L'intérêt des expositions proposées par le Petit Palais tient à une politique muséale éclairée qui privilégie les expositions inscrites dans une relecture de l'art à travers les artistes pour (re)découvrir des petits et des grands maîtres en leur temps éclipsés par les "blockbusters" surmédiatisés.
Ainsi, sa programmation 2019-2020 se place sous le signe d'une saison napolitaine avec Luca Giordano pour une incursion dans la peinture baroque et une exposition-rétrospective inédite en France intitulée "Vincenzo Gemito - Le sculpteur de l'âme vénitienne" et présentée avec la collaboration du Museo Nazionale di Capodimonte à Naples consacrée à l'oeuvre d'un précurseur du vérisme, équivalent transalpin du naturalisme, qui émerge à la fin du 19ème siècle. Celles-si se déploient dans un parcours chronologique superbement scénographié par un jeu de lignes de fuite et des reproductions photographiques d'archives de de la topographie et de l'architecture de la cité génoise réalisée par le Studio Tovar/Alain Batifoulier et Simon de Tovar .
Vincenzo Gemito, du vérisme novateur au retour à l'antique en passant par le maniérisme
Génie précoce alors même que non issu du sérail artistique, mais toutefois non autodidacte car formé Académie des Beaux-arts de Naples, Vincenzo Gemito qui crée sa première oeuvre à l'adolescence "Le joueur de cartes" qui semble autofictionnel en ce qu'il représente un de ses homologues, enfant des rues qui qui lit son avenir dans les cartes.
Et à 25 ans, il accède à la notoriété par sa participation remarquée au Salon à Paris en 1877 puis à l’Exposition Universelle de 1878 en se démarquant de manière radicale de la statuaire académique par son traitement réaliste d'un thème connu, celui du pêcheur napolitain en bronze, dont est également présenté le plâtre préparatoire.
Ainsi qu'en atteste la mise en regard avec les oeuvres de sculpteurs français tel François Rude ("Jeune pêcheur napolitain jouant avec une tortue") et Jean-Baptiste Carpeaux ("Pêcheur napolitain à la coquille") qui ressortent à l'imagerie pittoresque résultant d'une construction culturelle.

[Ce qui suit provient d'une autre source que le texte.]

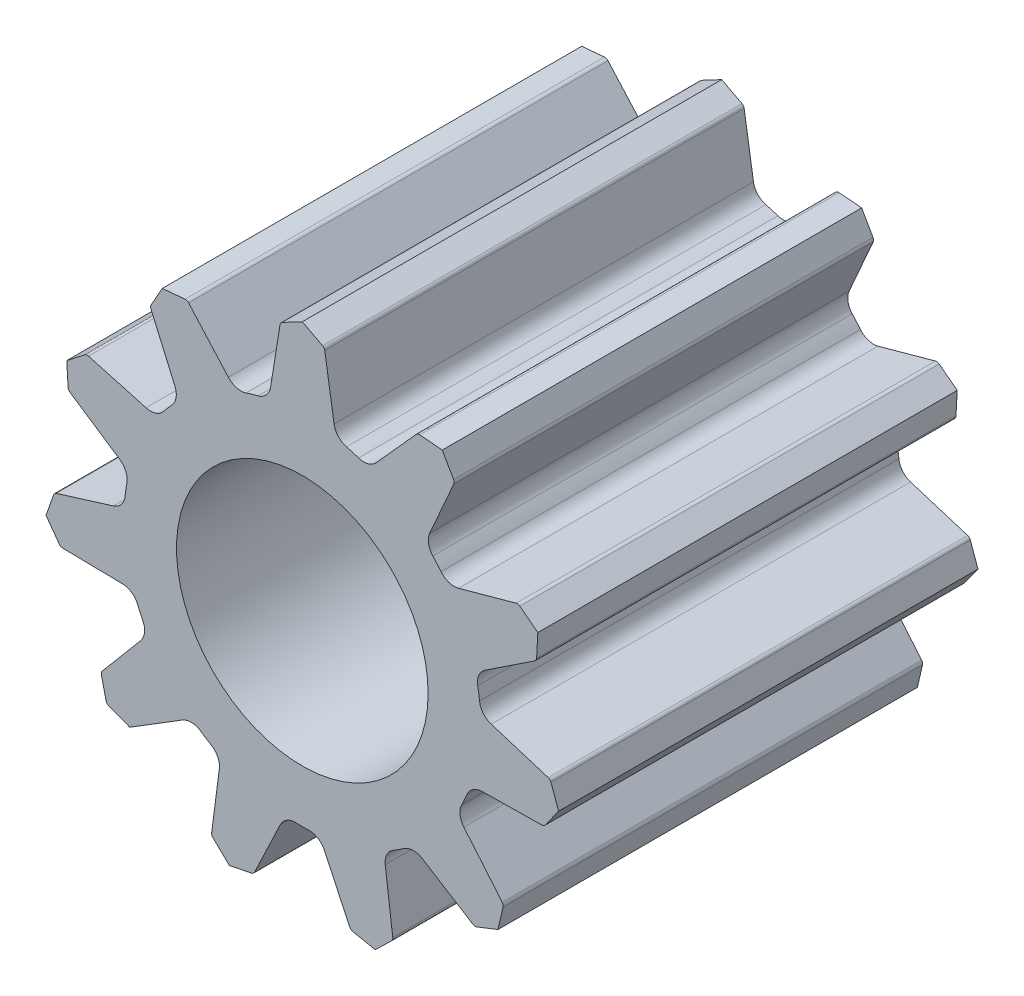
from build123d import *

# Parameters (mm, degrees)
SKETCH1_R           = 4.25
BOSS_EXTRUDE1_DEPTH = 10
BOSS_EXTRUDE2_DEPTH = 10
CIRPATTERN1_COUNT   = 11
SKETCH5_R           = 3
CUT_EXTRUDE1_DEPTH  = 10
FILLET1_R           = 0.4
FILLET2_R           = 0.1


with BuildPart() as part:
    # Sketch1 → Boss-Extrude1 (new body)
    with BuildSketch(Plane.XY):
        Circle(SKETCH1_R)
    extrude(amount=BOSS_EXTRUDE1_DEPTH)

    # Sketch3 → Boss-Extrude2 (add)
    with BuildSketch(Plane.XY):
        Polygon((0, 6.174026833), (0.527734359, 5.897416886), (0.8, 4.174026833), (-0.8, 4.174026833), (-0.522537345, 5.897416886), align=None)
    boss_extrude2 = extrude(amount=BOSS_EXTRUDE2_DEPTH)

    # CirPattern1: Boss-Extrude2 ×11 about axis
    cirpattern1_axis = Axis((0, 0, 0), (0, 0, 1))
    for i in range(1, CIRPATTERN1_COUNT):
        add(boss_extrude2.rotate(cirpattern1_axis, i * 360 / CIRPATTERN1_COUNT))

    # Sketch5 → Cut-Extrude1 (cut)
    with BuildSketch(Plane.XY):
        Circle(SKETCH5_R)
    extrude(amount=CUT_EXTRUDE1_DEPTH, mode=Mode.SUBTRACT)

    # Fillet1
    fillet1_edges = [part.edges().sort_by_distance(p)[0] for p in [
        (1.943553631, -3.779563372, 5),
        (0.408364873, -4.230335463, 5),
        (3.678407589, -2.128806616, 5),
        (2.630630415, -3.338005935, 5),
        (4.245393129, 0.1978312, 5),
        (4.017689387, -1.385883107, 5),
        (3.464496346, 2.461659007, 5),
        (4.129160367, 1.006247815, 5),
        (1.583646453, 3.943927473, 5),
        (2.929652105, 3.078902165, 5),
        (-2.929652105, 3.078902165, 5),
        (-1.583646453, 3.943927473, 5),
        (-4.129160367, 1.006247815, 5),
        (-3.464496346, 2.461659007, 5),
        (-4.017689387, -1.385883107, 5),
        (-4.245393129, 0.1978312, 5),
        (-2.630630415, -3.338005935, 5),
        (-3.678407589, -2.128806616, 5),
        (-0.408364873, -4.230335463, 5),
        (-1.943553631, -3.779563372, 5),
        (-0.8, 4.174026833, 5),
        (0.8, 4.174026833, 5),
    ]]
    fillet(fillet1_edges, radius=FILLET1_R)

    # Fillet2
    fillet2_edges = [part.edges().sort_by_distance(p)[0] for p in [
        (0.527734359, 5.897416886, 5),
        (2.162865249, -5.511314283, 5),
        (1.155136929, -5.807210015, 5),
        (4.799159491, -3.467079374, 5),
        (4.111377792, -4.260821767, 5),
        (5.911754503, -0.322071262, 5),
        (5.762285256, -1.361652714, 5),
        (5.147409232, 2.9251922, 5),
        (5.583707865, 1.969831455, 5),
        (2.748797899, 5.243727807, 5),
        (3.63234268, 4.675908055, 5),
        (-3.627970674, 4.678717773, 5),
        (-2.744425893, 5.246537525, 5),
        (-5.581548948, 1.974558825, 5),
        (-5.145250314, 2.92991957, 5),
        (-5.763024868, -1.356508599, 5),
        (-5.912494116, -0.316927147, 5),
        (-4.666018151, -4.043127743, 5),
        (-4.802562811, -3.463151734, 5),
        (-1.160123427, -5.805745847, 5),
        (-2.167851747, -5.509850115, 5),
        (-0.522537345, 5.897416886, 5),
    ]]
    fillet(fillet2_edges, radius=FILLET2_R)


solid = part.part
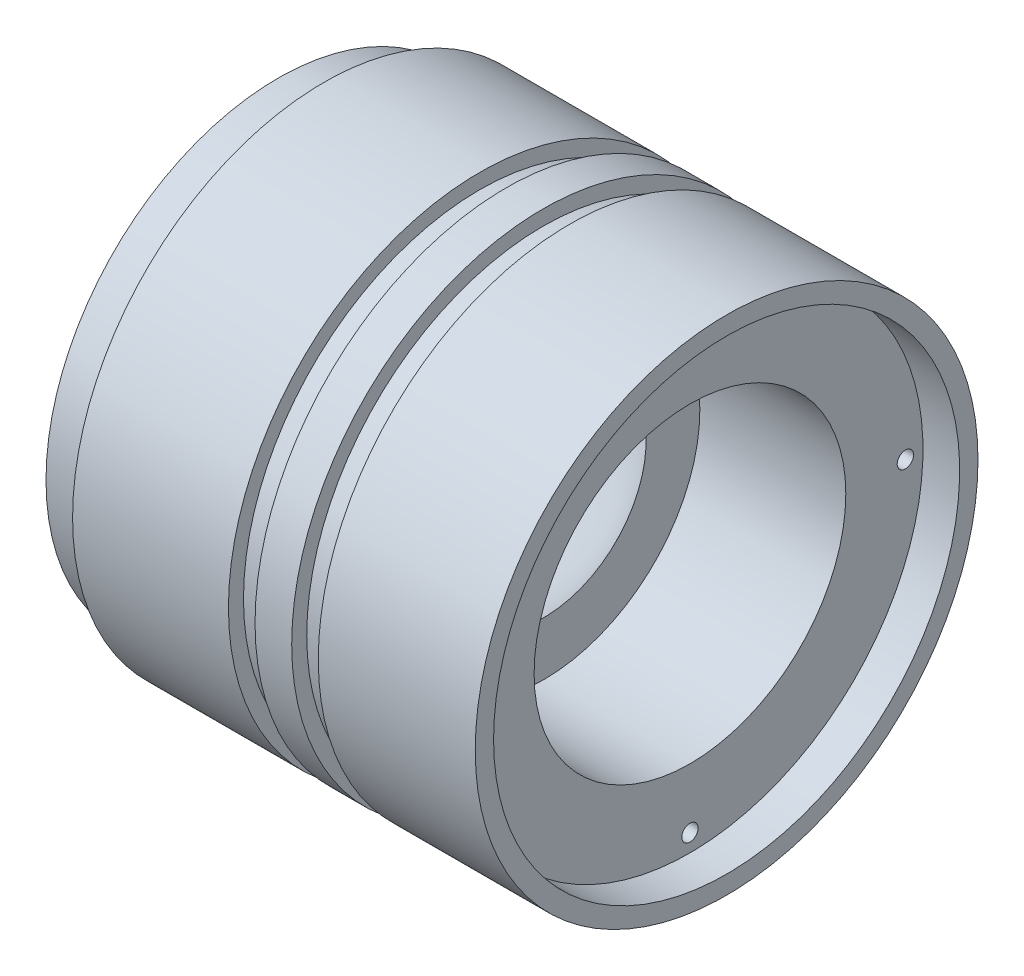
from build123d import *

# Parameters (mm, degrees)
SKETCH1_W         = 101.6
SKETCH1_H         = 34.8234
SKETCH3_W         = 6.35
SKETCH3_H         = 2.667
SKETCH4_W         = 38.1
SKETCH4_H         = 9.017
CIRPATTERN1_COUNT = 4
SKETCH8_W         = 3.683
SKETCH8_H         = 2.0828


with BuildPart() as part:
    # Sketch1 → Revolve1 (revolve)
    with BuildSketch(Plane.XY, mode=Mode.PRIVATE) as revolve1_sk:
        with Locations((50.8, 17.4117)):
            Rectangle(SKETCH1_W, SKETCH1_H)
    revolve(revolve1_sk.sketch.rotate(Axis((-14.406993702, 0, 0), (1, 0, 0)), 90), axis=Axis((-14.406993702, 0, 0), (1, 0, 0)))

    # Sketch2 → Cut-Revolve1 (revolve, cut)
    with BuildSketch(Plane.XY, mode=Mode.PRIVATE) as cut_revolve1_sk:
        with BuildLine():
            Line((0, 28.4734), (10.16, 28.4734))
            ThreePointArc((10.16, 28.4734), (25.296207294, 24.666285192), (36.83, 14.151033402))
            ThreePointArc((36.83, 14.151033402), (41.000418166, 10.205778874), (46.482, 8.5))
            ThreePointArc((46.482, 8.5), (47.320563586, 8.54516677), (48.120613895, 8.800408672))
            add(Edge.make_bspline(
                [(101.6, 24.9936), (69.441940144, 18.742706384), (48.120613895, 8.800408672)],
                knots=[0, 0, 0, 1, 1, 1], degree=2))
            Line((101.6, 24.9936), (101.6, 0))
            Line((101.6, 0), (0, 0))
            Line((0, 0), (0, 28.4734))
        make_face()
    revolve(cut_revolve1_sk.sketch.rotate(Axis((-14.406993702, 0, 0), (1, 0, 0)), 90), axis=Axis((-14.406993702, 0, 0), (1, 0, 0)), mode=Mode.SUBTRACT)

    # Sketch3 → Cut-Revolve2 (revolve, cut)
    with BuildSketch(Plane.XY, mode=Mode.PRIVATE) as cut_revolve2_sk:
        with Locations((3.175, 33.4899)):
            Rectangle(SKETCH3_W, SKETCH3_H)
    revolve(cut_revolve2_sk.sketch.rotate(Axis((-14.406993702, 0, 0), (1, 0, 0)), 90), axis=Axis((-14.406993702, 0, 0), (1, 0, 0)), mode=Mode.SUBTRACT)

    # Sketch4 → Cut-Revolve3 (revolve, cut)
    with BuildSketch(Plane.XY, mode=Mode.PRIVATE) as cut_revolve3_sk:
        with Locations((82.55, 30.3149)):
            Rectangle(SKETCH4_W, SKETCH4_H)
    revolve(cut_revolve3_sk.sketch.rotate(Axis((-14.406993702, 0, 0), (1, 0, 0)), 90), axis=Axis((-14.406993702, 0, 0), (1, 0, 0)), mode=Mode.SUBTRACT)

    # Sketch5 → Cut-Revolve4 (revolve, cut)
    with BuildSketch(Plane.XY, mode=Mode.PRIVATE) as cut_revolve4_sk:
        Polygon((36.83, 0), (36.83, 21.59), (57.0484, 21.59), (57.0484, 32.2834), (62.1284, 32.2834), (62.1284, 34.8234), (101.599999985, 34.8234), (101.599999985, 0), align=None)
    revolve(cut_revolve4_sk.sketch.rotate(Axis((-14.406993702, 0, 0), (1, 0, 0)), 90), axis=Axis((-14.406993702, 0, 0), (1, 0, 0)), mode=Mode.SUBTRACT)

    # Sketch7 → #4-40 Tapped Hole1 (revolve, cut)
    with BuildSketch(Plane(origin=(57.0484, 29.845, 0), x_dir=(0, 0, -1), z_dir=(0, 1, 0))):
        Polygon((0, 0), (0, 10.839152758), (1.1303, 10.16), (1.1303, 0), align=None)
    f_4_40_tapped_hole1 = revolve(axis=Axis((63.3984, 29.845, 0), (-1, 0, 0)), mode=Mode.SUBTRACT)

    # CirPattern1: #4-40 Tapped Hole1 ×4 about axis
    cirpattern1_axis = Axis((0, 0, 0), (1, 0, 0))
    for i in range(1, CIRPATTERN1_COUNT):
        add(f_4_40_tapped_hole1.rotate(cirpattern1_axis, i * 360 / CIRPATTERN1_COUNT), mode=Mode.SUBTRACT)

    # Sketch8 → Cut-Revolve5 (revolve, cut)
    with BuildSketch(Plane.XY, mode=Mode.PRIVATE) as cut_revolve5_sk:
        with Locations((29.7815, 33.782)):
            Rectangle(SKETCH8_W, SKETCH8_H)
        with Locations((38.5445, 33.782)):
            Rectangle(SKETCH8_W, SKETCH8_H)
    revolve(cut_revolve5_sk.sketch.rotate(Axis((-14.406993702, 0, 0), (1, 0, 0)), 90), axis=Axis((-14.406993702, 0, 0), (1, 0, 0)), mode=Mode.SUBTRACT)


solid = part.part
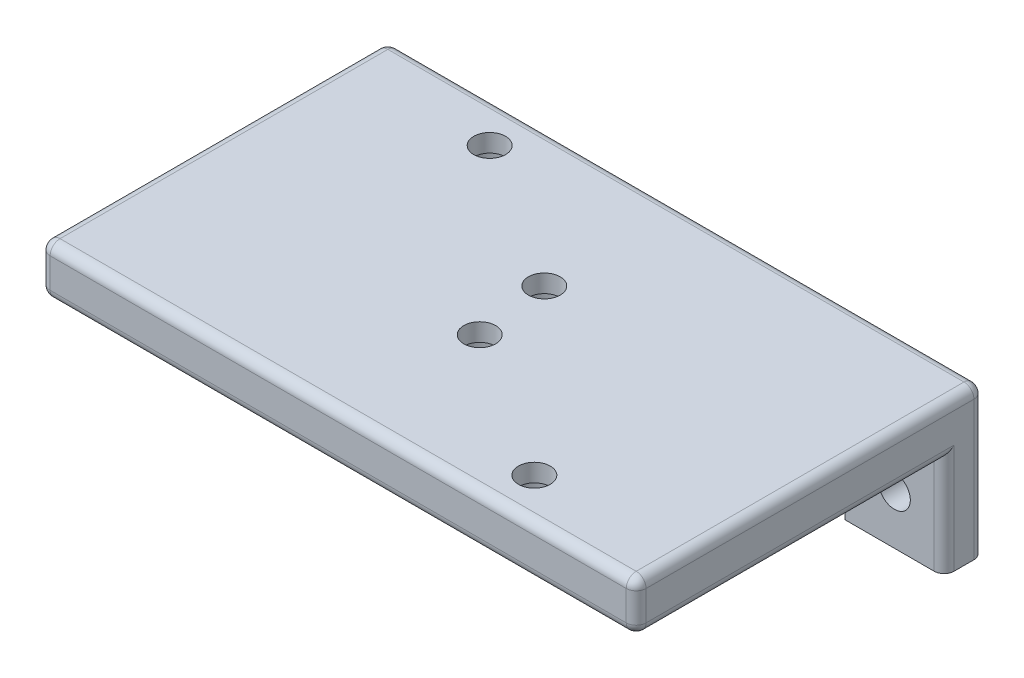
from build123d import *

# Parameters (mm, degrees)
SKETCH_1_R          = 1.6
EXTRUDE_1_DEPTH     = 4
SKETCH_2_W          = 60
SKETCH_2_H          = 5
EXTRUDE_2_DEPTH     = 31
SKETCH_8_R          = 1.6
CUT_EXTRUDE_1_DEPTH = 48.16990566
SKETCH_9_R          = 3
CUT_EXTRUDE_2_DEPTH = 3.2
FILLET_2_R          = 1


with BuildPart() as part:
    # 草图1 → 凸台-拉伸1 (new body)
    with BuildSketch(Plane.XY):
        Polygon((20, 0), (30, 0), (30, 15), (-30, 15), (-30, 0), (-20, 0), (-20, 10), (20, 10), align=None)
        with Locations((-25, 5)):
            Circle(SKETCH_1_R, mode=Mode.SUBTRACT)
        with Locations((25, 5)):
            Circle(SKETCH_1_R, mode=Mode.SUBTRACT)
    extrude(amount=EXTRUDE_1_DEPTH)

    # 草图2 → 凸台-拉伸2 (add)
    with BuildSketch(Plane.XY.offset(4)):
        with Locations((0, 12.5)):
            Rectangle(SKETCH_2_W, SKETCH_2_H)
    extrude(amount=EXTRUDE_2_DEPTH)

    # 草图8 → 切除-拉伸1 (cut, through all)
    with BuildSketch(Plane.XZ.offset(-10)):
        with Locations((-15.5, 4.25)):
            Circle(SKETCH_8_R)
        with Locations((-0.5, 13.75)):
            Circle(SKETCH_8_R)
        with Locations((0.5, 21.25)):
            Circle(SKETCH_8_R)
        with Locations((15.5, 30.75)):
            Circle(SKETCH_8_R)
    extrude(amount=-CUT_EXTRUDE_1_DEPTH, mode=Mode.SUBTRACT)

    # 草图9 → 切除-拉伸2 (cut)
    with BuildSketch(Plane.XZ.offset(-10)):
        with Locations((-15.5, 4.25)):
            Circle(SKETCH_9_R)
        with Locations((-0.5, 13.75)):
            Circle(SKETCH_9_R)
        with Locations((0.5, 21.25)):
            Circle(SKETCH_9_R)
        with Locations((15.5, 30.75)):
            Circle(SKETCH_9_R)
    extrude(amount=-CUT_EXTRUDE_2_DEPTH, mode=Mode.SUBTRACT)

    # 圆角2
    fillet_2_edges = [part.edges().sort_by_distance(p)[0] for p in [
        (0, 10, 0),
        (-20, 5, 0),
        (-30, 7.5, 0),
        (-30, 15, 17.5),
        (30, 15, 17.5),
        (20, 10, 2),
        (-20, 10, 2),
        (30, 5, 4),
        (-30, 5, 4),
        (-30, 10, 19.5),
        (30, 10, 19.5),
        (-30, 12.5, 35),
        (0, 10, 35),
        (30, 12.5, 35),
        (0, 15, 35),
        (0, 15, 0),
        (30, 7.5, 0),
        (20, 5, 0),
    ]]
    fillet(fillet_2_edges, radius=FILLET_2_R)


solid = part.part
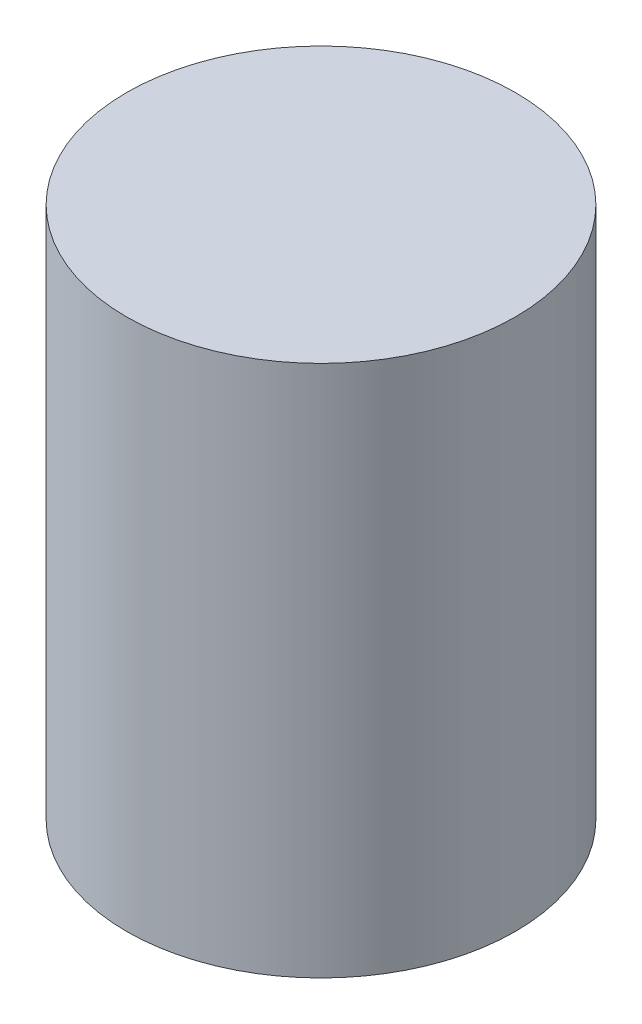
from build123d import *

# Parameters (mm, degrees)
SZKIC1_R                    = 5.5
DODANIE_WYCI_GNI_CIE1_DEPTH = 15.06


with BuildPart() as part:
    # Szkic1 → Dodanie-wyciągnięcie1 (new body)
    with BuildSketch(Plane(origin=(0, 0, 0), x_dir=(1, 0, 0), z_dir=(0, 1, 0))):
        with Locations(Location((0, 0, 0), (0, 0, 270))):
            Circle(SZKIC1_R)
    extrude(amount=DODANIE_WYCI_GNI_CIE1_DEPTH)


solid = part.part
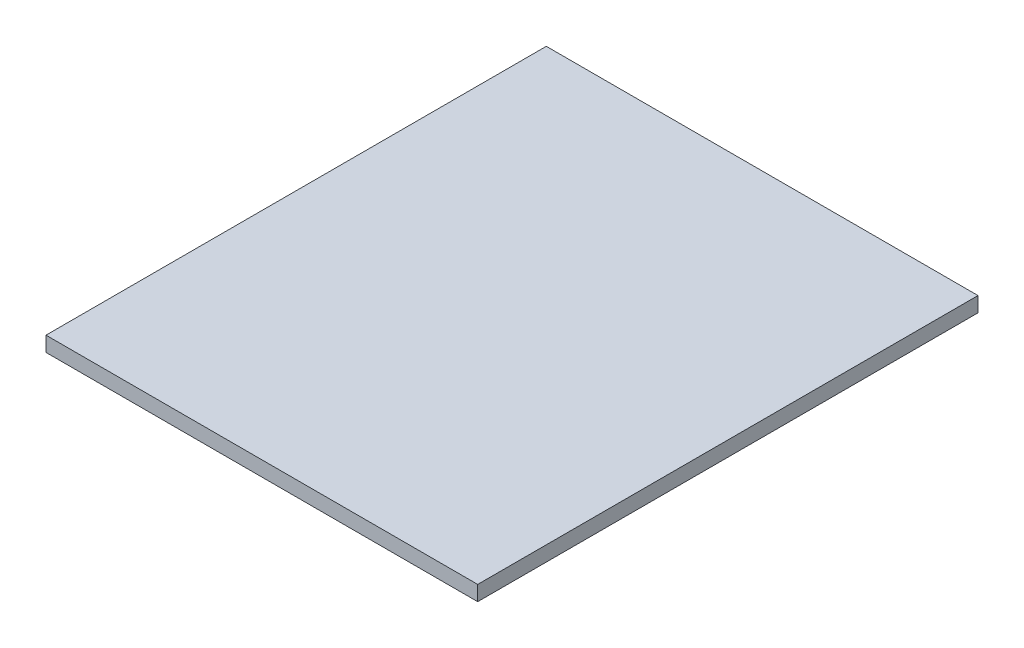
from build123d import *

# Parameters (mm, degrees)
SKETCH2_W           = 40.67556
SKETCH2_H           = 47.13986
BOSS_EXTRUDE1_DEPTH = 1.41224


with BuildPart() as part:
    # Sketch2 → Boss-Extrude1 (new body)
    with BuildSketch(Plane(origin=(0, 0, 0), x_dir=(1, 0, 0), z_dir=(0, 1, 0))):
        with Locations((20.33778, 23.56993)):
            Rectangle(SKETCH2_W, SKETCH2_H)
    extrude(amount=BOSS_EXTRUDE1_DEPTH)


solid = part.part

Et Vincenzo Gemito inscrit son nom dans l'Histoire de l'art comme précurseur du vérisme, équivalent transalpin du naturalisme français, et dont la thématique de prédilection est celle de l'enfance avec des bustes grandeur nature en plâtre, des fillettes et garçonnets plébéiens.
Tels celui retenu pour l'affiche de la monstration et celui de la petite fille au voile retenu par les doigts évoquant une juvénile Madone, qui révèle, comme indiqué par jean-Louis Chamion, "un art tout en tendresse et vulnérabilité absolue"
Egalement soucieux de réussite et en quête de mécénat et de clientèle privée, il réalise les bustes de personnalités dont celles du monde artistique de son temps qui présentent une particularité significative de sa marque de fabrique, celle des bords déchirés,
Après des événements dramatiques dans sa vie privée et une altération de ses facultés mentales, Gemito poursuit son activité en reprenant ses sujets de prédilection dont le "Petit pêcheur sur un rocher" mais dans un style maniériste qui tend à la mièvrerie.
Certaines pièces - "Vénus", "Jeunesse de Neptune" - annoncent sa troisième période, celle du retour à l'antique qui correspond à une inflexion commune aux grands noms de la sculpture moderne, de Rodin, Giacometti et Bourdelle, illustrée pour ce dernier par une récente exposition dédiée en son musée ("Bourdelle et l'antique - Une passion moderne) sur le mode d'une exploration du patrimoine archaïque.
L'exposition permet également de constater le talent exceptionnel de dessinateur émérite de Gemito avec une belle sélection d'oeuvres graphiques dont le portrait des femmes aimées et ceux des enfants Bertolini pour lesquels les commissaires appellent l'attention sur leur résonance avec les tableaux du peintre Balthus. Une superbe exposition.